September 2020 CloudGuru challenge solution
Repository containing the implementation of the system described in the cloud guru blog post.
The goal was to develop a system that would pull multiple CSV files from github once a day, clean and merge certain rows and write them to a database. Every successful or failed execution should trigger a notification. It should also be possible to view a visualisation of the stored data.
Lambda seemed like the perfect candidate for regular, scheduled, short tasks and RDS seems like the perfect destination to store csv data. The goal was to keep the solution within AWS, so QuickSight was chosen as the visulation tool. To make the solution more secure, I wanted to keep the database in a private subnet - which in turn required the lambda to be moved to the VPC to be able to connect to the database.

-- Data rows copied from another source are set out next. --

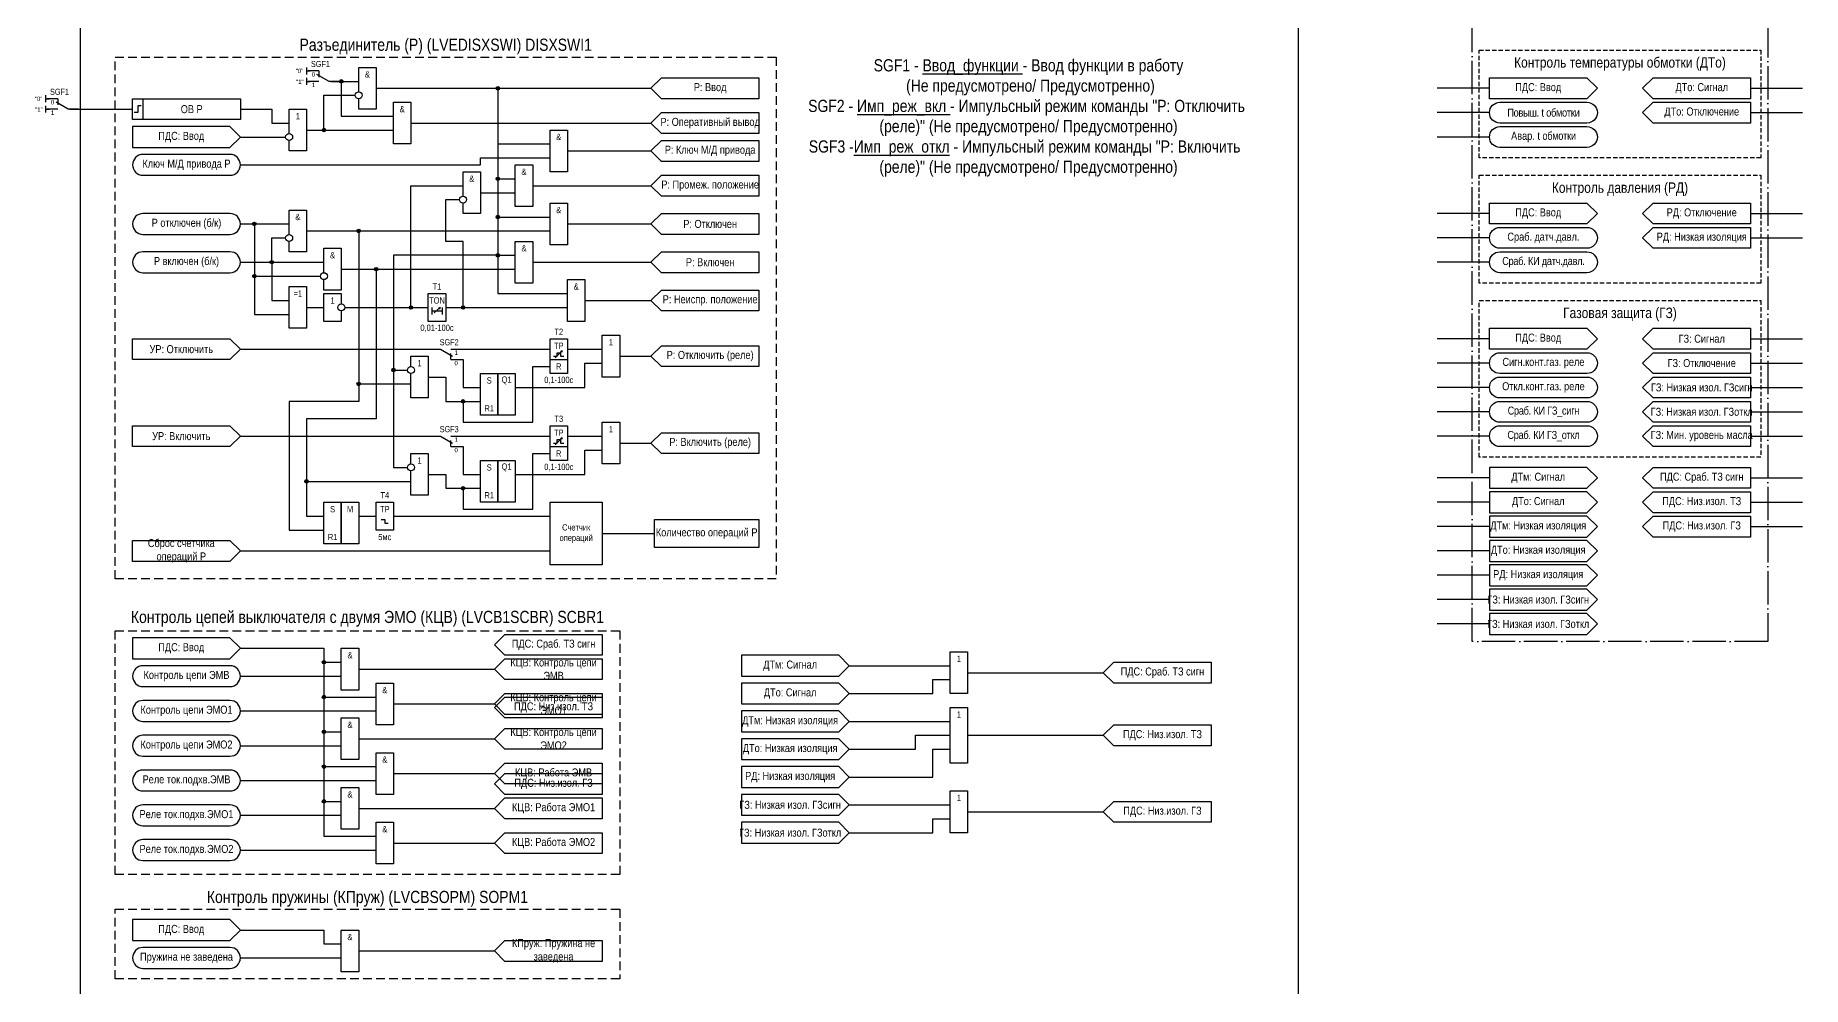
# Model space of a CAD drawing. Header units: millimetres. Extents: x -7300 to 495, y 0 to 1179.
# Drawn here: x -4163 to -3655, y 258 to 531 of the extents above; entities that cross this region are included whole.
import ezdxf
from ezdxf.enums import TextEntityAlignment as Align

# ---------------------------------------------------------------- set-up
doc = ezdxf.new("R2010")
doc.units = ezdxf.units.MM
doc.linetypes.add('ACAD_ISO04W100', pattern=[30, 24, -3, 0, -3])
doc.linetypes.add('штриховая2', pattern=[0.375, 0.25, -0.125])
doc.layers.add('TEXT', color=7, linetype='Continuous', lineweight=25)
doc.layers.add('Основная', color=7, linetype='Continuous')
doc.styles.add('2.5_Gost_RD', font='ARIALN.TTF', dxfattribs={"height": 2.5})
doc.styles.add('3.5_Gost_RD', font='ARIALN.TTF', dxfattribs={"height": 3.5})
doc.styles.add('Вывод', font='ARIALN.TTF', dxfattribs={"height": 2.5})
doc.styles.add('Компонент', font='ARIALN.TTF', dxfattribs={"height": 3.5})

# ---------------------------------------------------------------- blocks, each defined once
blk = doc.blocks.new('Точка')
at = {"ltscale": 100}
h = blk.add_hatch(color=256, dxfattribs=at)
h.dxf.hatch_style = 1
edge = h.paths.add_edge_path()
edge.add_arc((0, 0), 0.5, 0, 360)
blk.add_circle((0, 0), 0.5, dxfattribs=at)
blk = doc.blocks.new('*U958')
at = {"layer": 'Основная', "color": 0}
blk.add_line((0, 0), (7, 4), dxfattribs=at)
at = {"layer": 'Основная', "ltscale": 0.35}
blk.add_line((6, 6), (6, 2.5), dxfattribs=at)
blk = doc.blocks.new('*U985')
at = {"layer": 'Основная', "color": 0}
for p, q in [((-3, 6), (-9, 6)), ((-3, 0), (-9, 0)), ((9, 0), (3, 0))]:
    blk.add_line(p, q, dxfattribs=at)
at = {"layer": 'Основная', "ltscale": 0.25, "xscale": -1}
blk.add_blockref('*U958', (3, 0), dxfattribs=at)
at = {"layer": 'Основная'}
for tag, height, style, p in [('ОУ', 3.5, 'Компонент', (-2, 10)), ('В1', 2.5, 'Вывод', (-14, 6)), ('В2', 2.5, 'Вывод', (-6, 4)), ('В3', 2.5, 'Вывод', (-6, -2))]:
    blk.add_attdef(tag, text='', height=height, dxfattribs=dict(at, style=style)).set_placement(p, align=Align.MIDDLE_CENTER)
blk = doc.blocks.new('*U1050')
at = {"layer": 'Основная', "color": 0}
for p, q in [((-9, 0), (-3, 0)), ((3, 6), (9, 6)), ((3, 0), (9, 0))]:
    blk.add_line(p, q, dxfattribs=at)
at = {"layer": 'Основная', "ltscale": 0.25}
blk.add_blockref('*U958', (-3, 0), dxfattribs=at)
at = {"layer": 'Основная'}
for tag, height, style, p in [('В2', 2.5, 'Вывод', (6, 8)), ('В3', 2.5, 'Вывод', (6, 2)), ('В1', 2.5, 'Вывод', (14, 6)), ('ОУ', 3.5, 'Компонент', (2, -4))]:
    blk.add_attdef(tag, text='', height=height, dxfattribs=dict(at, style=style)).set_placement(p, align=Align.MIDDLE_CENTER)

msp = doc.modelspace()

# ---------------------------------------------------------------- linework, layer by layer
at = {"ltscale": 100}
for p, q in [((-4085, 522), (-4085, 520)), ((-4085, 521), (-4084, 521)), ((-4085, 519), (-4085, 517)), ((-4085, 518), (-4084, 518)), ((-3745, 516), (-3760, 516)), ((-3670, 516), (-3655, 516)), ((-4060, 508), (-4060, 508)), ((-3745, 509), (-3760, 509)), ((-3670, 509), (-3655, 509)), ((-3745, 502), (-3760, 502)), ((-3745, 480), (-3760, 480)), ((-3670, 480), (-3655, 480)), ((-3745, 473), (-3760, 473)), ((-3670, 473), (-3655, 473)), ((-3745, 466), (-3760, 466)), ((-4045, 453), (-4045, 453)), ((-3745, 444), (-3760, 444)), ((-3670, 444), (-3655, 444)), ((-4013.5, 438.5), (-4011.5, 440.5)), ((-4011.5, 440.5), (-4012.01, 440.25)), ((-4011.5, 440.5), (-4011.74, 440.02)), ((-3745, 437), (-3760, 437)), ((-3670, 437), (-3655, 437)), ((-3745, 430), (-3760, 430)), ((-3670, 430), (-3655, 430)), ((-3745, 423), (-3760, 423)), ((-3670, 423), (-3655, 423)), ((-4013.5, 413.5), (-4011.5, 415.5)), ((-4011.5, 415.5), (-4012.01, 415.25)), ((-4011.5, 415.5), (-4011.74, 415.02)), ((-3745, 416), (-3760, 416)), ((-3670, 416), (-3655, 416)), ((-3745, 404), (-3760, 404)), ((-3670, 404), (-3655, 404)), ((-3745, 397), (-3760, 397)), ((-3670, 397), (-3655, 397)), ((-3745, 390), (-3760, 390)), ((-3670, 390), (-3655, 390)), ((-3745, 383), (-3760, 383)), ((-3745, 376), (-3760, 376)), ((-3745, 369), (-3760, 369)), ((-3745, 362), (-3760, 362))]:
    msp.add_line(p, q, dxfattribs=at)
at = {"color": 6, "ltscale": 100}
for p, q in [((-4160, 514), (-4160, 512)), ((-4160, 513), (-4159, 513)), ((-4160, 511), (-4160, 509)), ((-4160, 510), (-4159, 510)), ((-4062.5, 391), (-4061.5, 391))]:
    msp.add_line(p, q, dxfattribs=at)
at = {"color": 7, "ltscale": 100}
for p, q in [((-4048.3, 451.46), (-4046.63, 452.95)), ((-4046.63, 452.95), (-4047.15, 452.73)), ((-4046.63, 452.95), (-4046.89, 452.48))]:
    msp.add_line(p, q, dxfattribs=at)
at = {"ltscale": 100}
for points in [[(-4150, 1085), (-3800, 1085), (-3800, 0), (-4150, 0)], [(-3717, 513), (-3745, 513), (-3745, 519), (-3717, 519), (-3714, 516)], [(-3670, 513), (-3698, 513), (-3701, 516), (-3698, 519), (-3670, 519)], [(-4135, 513), (-4132, 513), (-4132, 507), (-4135, 507)], [(-4135, 513), (-4104, 513), (-4104, 507), (-4135, 507)], [(-4060, 512), (-4055, 512), (-4055, 500), (-4060, 500)], [(-3698, 512), (-3670, 512), (-3670, 506), (-3698, 506), (-3701, 509)], [(-4135, 505), (-4135, 499), (-4107, 499), (-4104, 502), (-4107, 505)], [(-4015, 504), (-4010, 504), (-4010, 492), (-4015, 492)], [(-4025, 494), (-4020, 494), (-4020, 482), (-4025, 482)], [(-4015, 483), (-4010, 483), (-4010, 471), (-4015, 471)], [(-3717, 477), (-3745, 477), (-3745, 483), (-3717, 483), (-3714, 480)], [(-3670, 477), (-3698, 477), (-3701, 480), (-3698, 483), (-3670, 483)], [(-3698, 476), (-3670, 476), (-3670, 470), (-3698, 470), (-3701, 473)], [(-4025, 472), (-4020, 472), (-4020, 460), (-4025, 460)], [(-4090, 459), (-4085, 459), (-4085, 447), (-4090, 447)], [(-4010, 461), (-4005, 461), (-4005, 449), (-4010, 449)], [(-4050, 457), (-4045, 457), (-4045, 449), (-4050, 449)], [(-3717, 441), (-3745, 441), (-3745, 447), (-3717, 447), (-3714, 444)], [(-3670, 441), (-3698, 441), (-3701, 444), (-3698, 447), (-3670, 447)], [(-4135, 444), (-4107, 444), (-4104, 441), (-4107, 438), (-4135, 438)], [(-4015, 444), (-4010, 444), (-4010, 434), (-4015, 434)], [(-4000, 445), (-3995, 445), (-3995, 433), (-4000, 433)], [(-4015, 438), (-4010, 438), (-4010, 434), (-4015, 434)], [(-3698, 440), (-3670, 440), (-3670, 434), (-3698, 434), (-3701, 437)], [(-4035, 434), (-4030, 434), (-4030, 422), (-4035, 422)], [(-4030, 434), (-4025, 434), (-4025, 422), (-4030, 422)], [(-3698, 433), (-3670, 433), (-3670, 427), (-3698, 427), (-3701, 430)], [(-3698, 426), (-3670, 426), (-3670, 420), (-3698, 420), (-3701, 423)], [(-4135, 419), (-4107, 419), (-4104, 416), (-4107, 413), (-4135, 413)], [(-4015, 419), (-4010, 419), (-4010, 409), (-4015, 409)], [(-4000, 420), (-3995, 420), (-3995, 408), (-4000, 408)], [(-3698, 419), (-3670, 419), (-3670, 413), (-3698, 413), (-3701, 416)], [(-4015, 413), (-4010, 413), (-4010, 409), (-4015, 409)], [(-4035, 409), (-4030, 409), (-4030, 397), (-4035, 397)], [(-4030, 409), (-4025, 409), (-4025, 397), (-4030, 397)], [(-3745, 407), (-3745, 401), (-3717, 401), (-3714, 404), (-3717, 407)], [(-3745, 400), (-3745, 394), (-3717, 394), (-3714, 397), (-3717, 400)], [(-3745, 393), (-3745, 387), (-3717, 387), (-3714, 390), (-3717, 393)], [(-3745, 386), (-3745, 380), (-3717, 380), (-3714, 383), (-3717, 386)], [(-3745, 379), (-3745, 373), (-3717, 373), (-3714, 376), (-3717, 379)], [(-3745, 372), (-3745, 366), (-3717, 366), (-3714, 369), (-3717, 372)], [(-3745, 365), (-3745, 359), (-3717, 359), (-3714, 362), (-3717, 365)], [(-4135, 358), (-4135, 352), (-4107, 352), (-4104, 355), (-4107, 358)], [(-4075, 355), (-4070, 355), (-4070, 343), (-4075, 343)], [(-3960, 353), (-3960, 347), (-3932, 347), (-3929, 350), (-3932, 353)], [(-3900, 354), (-3895, 354), (-3895, 342), (-3900, 342)], [(-4065, 345), (-4060, 345), (-4060, 333), (-4065, 333)], [(-3960, 345), (-3960, 339), (-3932, 339), (-3929, 342), (-3932, 345)], [(-3960, 337), (-3960, 331), (-3932, 331), (-3929, 334), (-3932, 337)], [(-3900, 338), (-3895, 338), (-3895, 322), (-3900, 322)], [(-4075, 335), (-4070, 335), (-4070, 323), (-4075, 323)], [(-3960, 329), (-3960, 323), (-3932, 323), (-3929, 326), (-3932, 329)], [(-4065, 325), (-4060, 325), (-4060, 313), (-4065, 313)], [(-3960, 321), (-3960, 315), (-3932, 315), (-3929, 318), (-3932, 321)], [(-4075, 315), (-4070, 315), (-4070, 303), (-4075, 303)], [(-3960, 313), (-3960, 307), (-3932, 307), (-3929, 310), (-3932, 313)], [(-3900, 314), (-3895, 314), (-3895, 302), (-3900, 302)], [(-4065, 305), (-4060, 305), (-4060, 293), (-4065, 293)], [(-3960, 305), (-3960, 299), (-3932, 299), (-3929, 302), (-3932, 305)], [(-4135, 277), (-4135, 271), (-4107, 271), (-4104, 274), (-4107, 277)], [(-4075, 274), (-4070, 274), (-4070, 262), (-4075, 262)]]:
    msp.add_lwpolyline(points, close=True, dxfattribs=at)
at = {"color": 251, "linetype": 'ACAD_ISO04W100', "lineweight": 30, "ltscale": 0.4, "true_color": 0x58595b}
msp.add_lwpolyline([(-3750, 1079), (-3665, 1079), (-3665, 357), (-3750, 357)], close=True, dxfattribs=at)
at = {"linetype": 'штриховая2', "ltscale": 10}
for points in [[(-3950, 375), (-4140, 375), (-4140, 525), (-3950, 525)], [(-3995, 290), (-4140, 290), (-4140, 360), (-3995, 360)], [(-3995, 260), (-4140, 260), (-4140, 280), (-3995, 280)]]:
    msp.add_lwpolyline(points, close=True, dxfattribs=at)
at = {"linetype": 'штриховая2', "ltscale": 5}
for points in [[(-3748, 527), (-3667, 527), (-3667, 496), (-3748, 496)], [(-3748, 491), (-3667, 491), (-3667, 460), (-3748, 460)], [(-3748, 455), (-3667, 455), (-3667, 410), (-3748, 410)]]:
    msp.add_lwpolyline(points, close=True, dxfattribs=at)
at = {"ltscale": 100}
for points in [[(-4070, 515), (-4070, 522), (-4065, 522), (-4065, 510), (-4070, 510), (-4070, 513)], [(-3986, 516), (-3983, 519), (-3955, 519), (-3955, 513), (-3983, 513), (-3986, 516)], [(-4085, 504), (-4080, 504), (-4080, 514), (-4071, 514)], [(-4078, 518), (-4070, 518)], [(-4078, 518), (-4075, 518), (-4075, 508), (-4060, 508)], [(-4065, 516), (-3986, 516)], [(-4065, 516), (-4030, 516), (-4030, 490), (-4025, 490)], [(-4065, 516), (-4030, 516), (-4030, 479), (-4015, 479)], [(-4065, 516), (-4030, 516), (-4030, 468), (-4025, 468)], [(-4065, 516), (-4030, 516), (-4030, 457), (-4010, 457)], [(-4065, 516), (-4030, 516), (-4030, 468), (-4060, 468), (-4060, 407), (-4056, 407)], [(-4065, 516), (-4030, 516), (-4030, 468), (-4060, 468), (-4060, 435), (-4056, 435)], [(-4065, 516), (-4030, 516), (-4030, 500), (-4015, 500)], [(-4104, 510), (-4095, 510), (-4095, 506), (-4090, 506)], [(-4090, 503), (-4090, 510), (-4085, 510), (-4085, 498), (-4090, 498), (-4090, 501)], [(-3986, 506), (-3983, 509), (-3955, 509), (-3955, 503), (-3983, 503), (-3986, 506)], [(-4085, 504), (-4060, 504)], [(-4055, 506), (-3986, 506)], [(-4104, 502), (-4091, 502)], [(-4010, 498), (-3986, 498)], [(-3986, 498), (-3983, 501), (-3955, 501), (-3955, 495), (-3983, 495), (-3986, 498)], [(-4104, 494), (-4035, 494), (-4035, 496), (-4015, 496)], [(-4074, 453), (-4055, 453), (-4055, 488), (-4040, 488)], [(-4040, 485), (-4040, 492), (-4035, 492), (-4035, 480), (-4040, 480), (-4040, 483)], [(-4020, 488), (-3986, 488)], [(-3986, 488), (-3983, 491), (-3955, 491), (-3955, 485), (-3983, 485), (-3986, 488)], [(-4045, 453), (-4040, 453), (-4040, 472), (-4045, 472), (-4045, 484), (-4041, 484)], [(-4035, 486), (-4025, 486)], [(-4090, 474), (-4090, 481), (-4085, 481), (-4085, 469), (-4090, 469), (-4090, 472)], [(-3986, 477), (-3983, 480), (-3955, 480), (-3955, 474), (-3983, 474), (-3986, 477)], [(-4104, 477), (-4090, 477)], [(-4104, 477), (-4100, 477), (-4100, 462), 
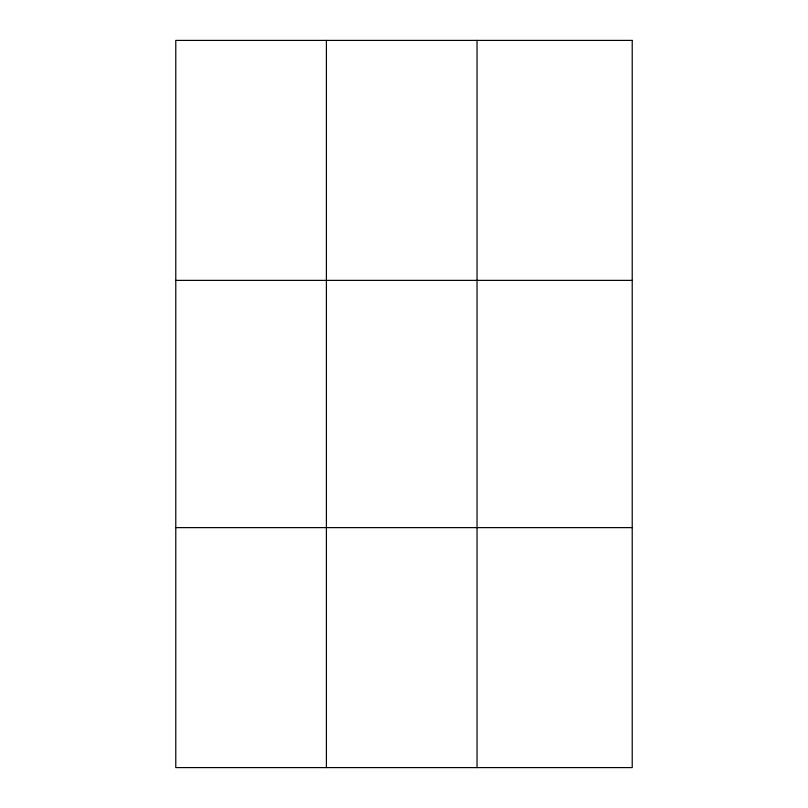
<?xml version="1.0" encoding="UTF-8"?>
<svg xmlns="http://www.w3.org/2000/svg" width="808" height="808" viewBox="0 0 808 808"><rect width="100%" height="100%" fill="white"/><g stroke="black" fill="none" stroke-linecap="round" stroke-linejoin="round"><path stroke-width="1.21" d="M326.402 767.6L326.402 40.4M477.033 767.6L477.033 40.4M175.78 280.376L632.22 280.376M175.78 527.624L632.22 527.624M632.22 40.4L632.22 767.6L175.78 767.6L175.78 40.4L632.22 40.4"/></g></svg>

Setting up the networking is a breeze using terraform - it makes it really convenient to set up multiple subnets across AZs, set up NAT and internet gateways and configure route tables. The solution has a public subnet, with a route to the internet gateway, and two private subnets with a route to the nat gateway that makes sure that the Lambda function running in the private subnet can still connect to the internet to fetch the csv files. Lambda requires access to at least two subnets to ensure reliability.
Terraform’s ability to generate random strings allows to generate random username and password for the database and store them in secrets manager. One way to ensure the users can’t leak the password is to never share it with them.
The Lamda function uses requests
to fetch data from github and psycopg2
to talk to the postgres DB. The processing of the data is easily achieved using dict comprehensions. The SQL queries creating the tables and loading the data are written to handle both initial load and every subsequent run; the data loading uses postgres-specific SQL syntax to upsert all fetched data with updates only taking place if any column in a row has changed. The same query returns the xmax system column that is later used to determine whether the operation was an insert or an update. Evaluating the total number of updates and inserts happens in python using the results - while it would have been possible calculate that number in SQL, it would lead to less readable code.
Unfortunately, as QuickSight is not supported by any IaaC tool, the solution description cannot be included in this repo. AWS does provide good documentation on how to get it to work with private networks, although it will seem non-obvious that it’s a premium feature. It will also take some time for connectivity to private networks to be established - in my case it was upwards of 30 minutes.
cursor.executemany
is slower than cursor.executevalues
and the former does not return the results of the query.